The formation of purely direct or purely slate sums of permutations is associative, mixed direct and oblique sums, however, the associative law does not hold in general. Sums of complementary or reverse permutations can be represented by sums of Ausgangspermutationen. The inverse of a sum of permutations is the sum of inverses. Direct and oblique sums of permutations play an important role in the decomposition of permutations into their basic building blocks and in the characterization of separable permutations.
Definition
If the symmetric group of permutations of length and and two permutations in Tupelschreibweise not necessarily the same length, then their direct sum (English direct sum) is
And their crooked sum (English skew sum) by
Defined. Tupelschreibweise in the second permutation is thus shifted to the first and attached at an incline, the first sum of permutation shifted to the second prefixed with a direct sum.
Examples
The direct sum of two identical permutations and is given by
While their sum by oblique
Is given.
Matrix representation
Is the related to permutation permutation, then the permutation matrix is the direct sum of two permutations and a block matrix of the form
And the permutation of the corresponding oblique sum of a block matrix of the form
Here, each stands for a zero matrix of appropriate size. For example, if and, then results
Properties
Associativity
The formation of purely direct and purely slate buzz is associative, that is, for permutations, and applies
And
However, the associative law generally does not apply to mixed direct and oblique sums, as the example
Shows. And the commutative law is not satisfied in general.
Symmetries
The complementary to a permutation permutation. For the complement of the sum of two permutations and
As well as
Accordingly, the reverse permutation to a permutation. For the reverse, and is the sum of two permutations
As well as
The corresponding permutation matrices are mirrored according to a horizontal or vertical axis.
Inverse
For the inverse of the sum of two permutations and results
As well as
The corresponding permutation matrices are each mirrored at the diagonal, ie transposed.
Use
Direct and oblique sums play an important role in the decomposition of permutations into their basic building blocks in combinatorics. Such a decomposition is not necessarily unique, however, due to the associativity of summation. Those permutations that can be fully represented as a direct sum of trivial or crooked permutations are called separable permutations. The number of separable permutations of length is given by the ( large ) Schröder numbers ( sequence A006318 in OEIS ).
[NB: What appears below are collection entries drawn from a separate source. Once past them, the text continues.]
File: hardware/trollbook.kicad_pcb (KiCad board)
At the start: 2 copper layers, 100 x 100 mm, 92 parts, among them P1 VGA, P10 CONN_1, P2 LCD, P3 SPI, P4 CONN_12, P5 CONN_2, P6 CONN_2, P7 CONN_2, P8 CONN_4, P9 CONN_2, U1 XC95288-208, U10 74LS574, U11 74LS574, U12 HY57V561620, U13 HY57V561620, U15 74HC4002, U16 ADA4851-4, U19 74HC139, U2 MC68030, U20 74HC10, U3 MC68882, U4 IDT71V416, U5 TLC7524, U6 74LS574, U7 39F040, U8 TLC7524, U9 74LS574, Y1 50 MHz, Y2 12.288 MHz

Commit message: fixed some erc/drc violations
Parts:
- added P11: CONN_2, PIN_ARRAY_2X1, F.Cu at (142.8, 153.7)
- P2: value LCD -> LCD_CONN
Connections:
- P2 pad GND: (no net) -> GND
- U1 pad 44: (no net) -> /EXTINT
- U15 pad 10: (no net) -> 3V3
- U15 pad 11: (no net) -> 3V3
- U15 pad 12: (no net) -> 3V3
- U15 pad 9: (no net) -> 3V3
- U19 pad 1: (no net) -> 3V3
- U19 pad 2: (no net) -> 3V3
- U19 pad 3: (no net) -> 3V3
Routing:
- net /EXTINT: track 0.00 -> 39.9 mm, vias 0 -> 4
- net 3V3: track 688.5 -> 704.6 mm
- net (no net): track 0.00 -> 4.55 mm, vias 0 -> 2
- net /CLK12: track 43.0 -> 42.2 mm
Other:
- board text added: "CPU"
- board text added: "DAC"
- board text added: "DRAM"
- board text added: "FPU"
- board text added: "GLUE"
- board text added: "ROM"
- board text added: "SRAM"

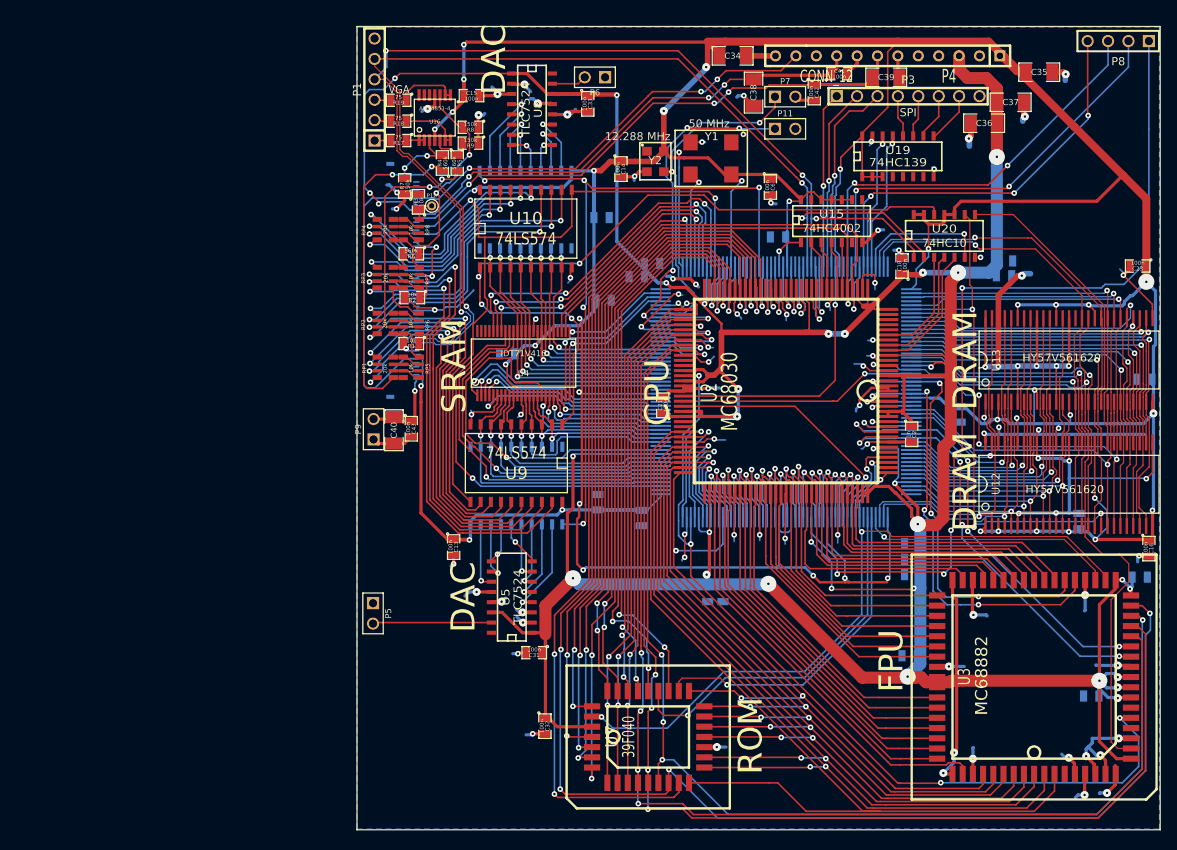
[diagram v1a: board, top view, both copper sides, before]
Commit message: ground plane stitching
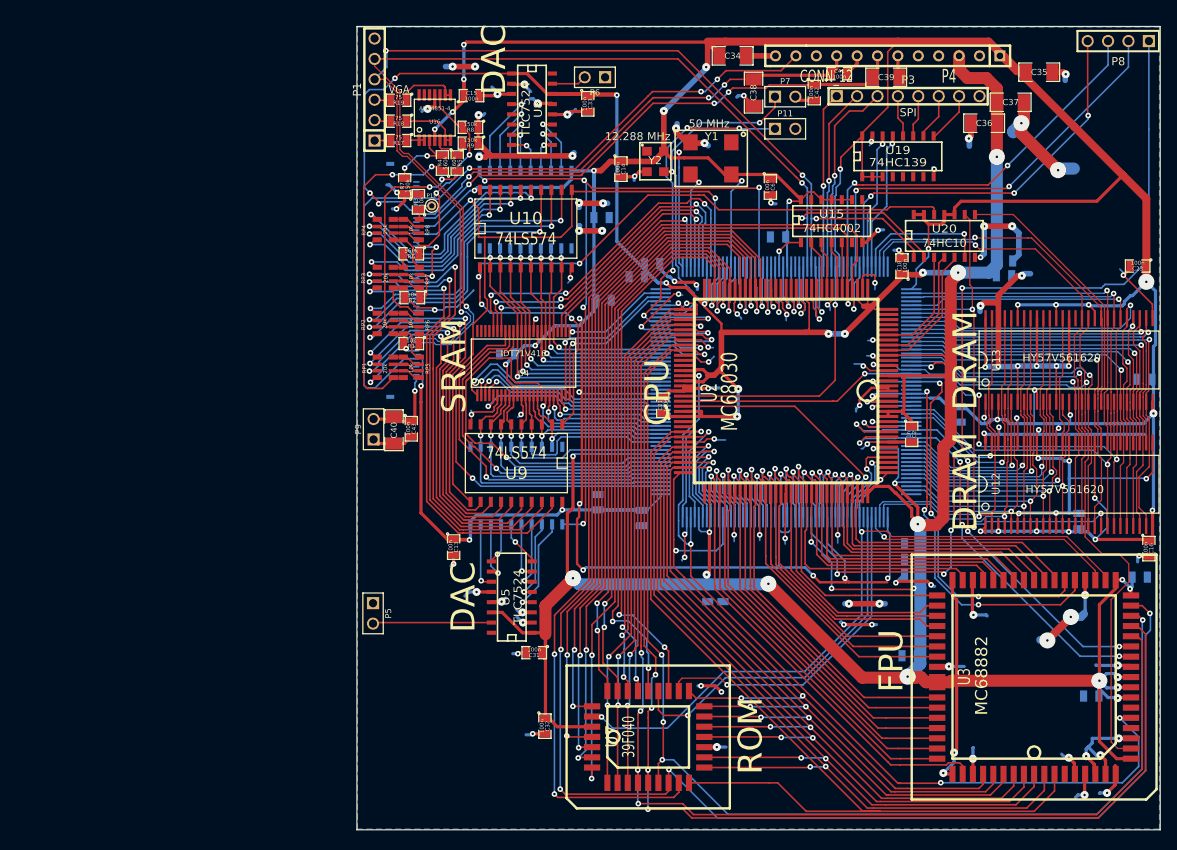
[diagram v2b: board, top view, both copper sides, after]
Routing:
- net GND: track 418.6 -> 484.4 mm, vias 85 -> 98
- net (no net): track 4.55 -> 24.7 mm, vias 2 -> 12
- net /DSACK1: track 54.8 -> 53.8 mm
- net /DSACK0: track 55.0 -> 53.9 mm
- net /D21: track 38.7 -> 39.4 mm

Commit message: arne
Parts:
- added R10: 10k, SM0805, F.Cu at (181.7, 146.7)
- added R11: 10k, SM0805, F.Cu at (183.8, 146.7)
- added R12: 10k, SM0805, F.Cu at (186.0, 146.7)
- added R13: 10k, SM0805, F.Cu at (188.2, 146.7)
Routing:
- net 3V3: track 704.6 -> 719.2 mm
- net N-0000055: track 49.9 -> 53.4 mm
- net N-0000056: track 51.6 -> 54.9 mm
- net N-0000057: track 53.0 -> 56.2 mm
- net N-0000058: track 110.4 -> 113.4 mm

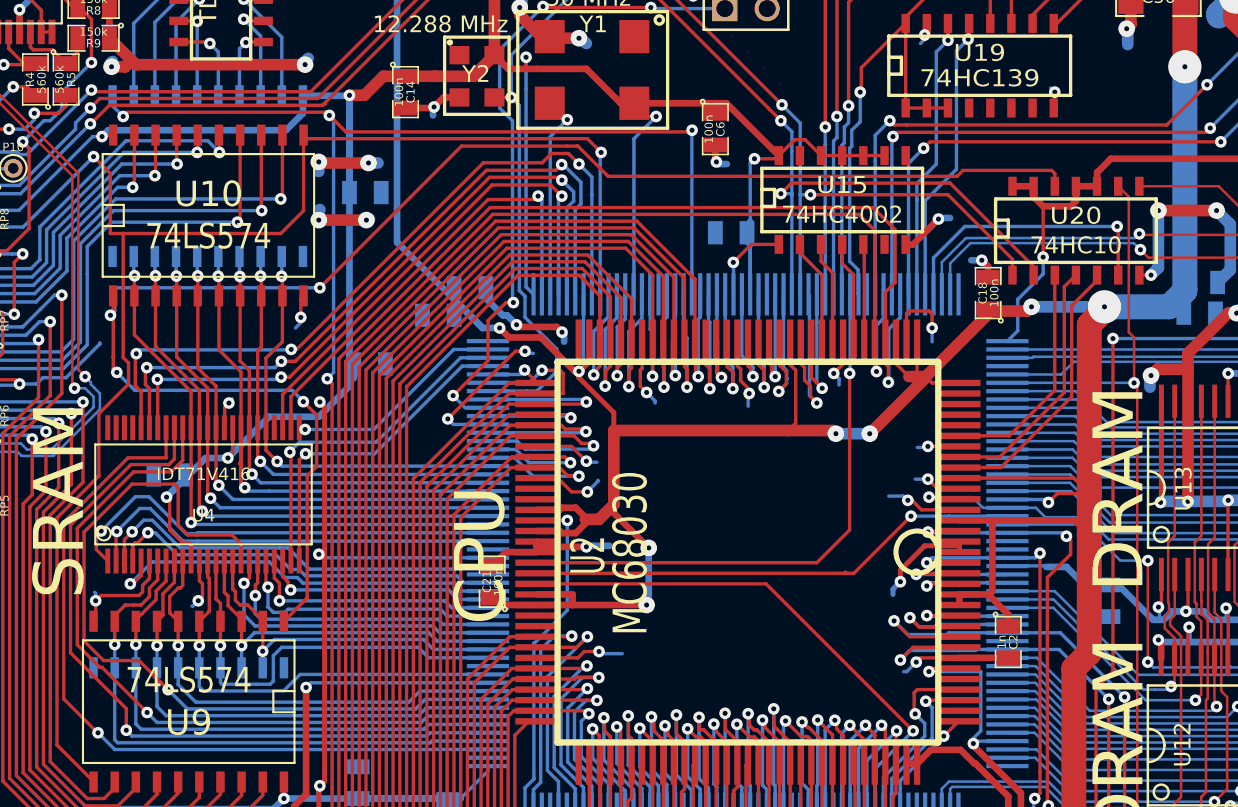
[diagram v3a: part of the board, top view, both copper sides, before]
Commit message: fixed a couple of voltage issues
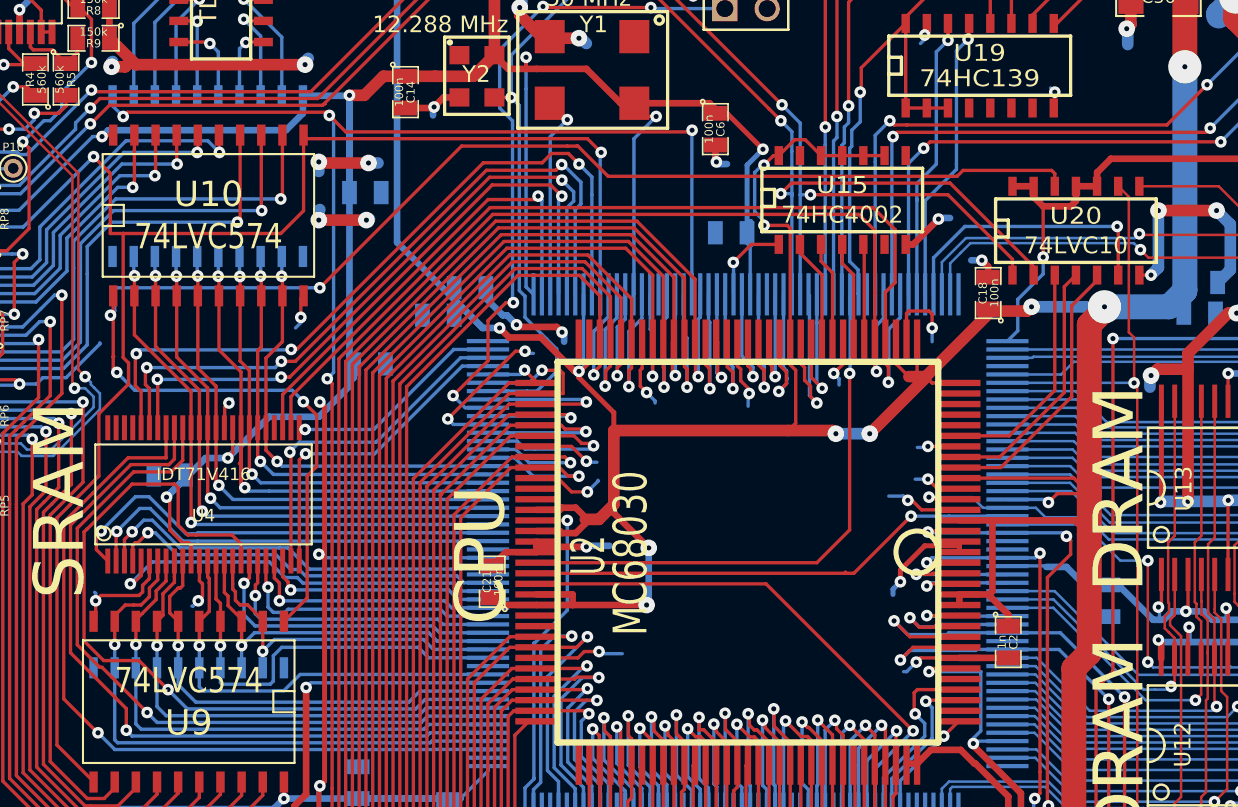
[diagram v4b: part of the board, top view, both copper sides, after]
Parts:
- U10, U11, U6, U9: value 74LS574 -> 74LVC574
- U20: value 74HC10 -> 74LVC10
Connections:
- U15 pad 10: 3V3 -> +5V
- U15 pad 11: 3V3 -> +5V
- U15 pad 12: 3V3 -> +5V
- U15 pad 14: 3V3 -> +5V
- U15 pad 9: 3V3 -> +5V
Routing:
- net +5V: track 609.3 -> 630.1 mm, vias 34 -> 36
- net 3V3: track 719.2 -> 706.0 mm

Separable permutations are characterized by a special recursive block structure of the corresponding permutation matrices. You are investigated, among others, in the sort theory.
Direct and oblique sums also appear in the study of Permutationsmustern (English permutation pattern ). The decomposition of permutations in not indivisible Teilpermutationen allowed the characterization and enumeration of certain pattern classes.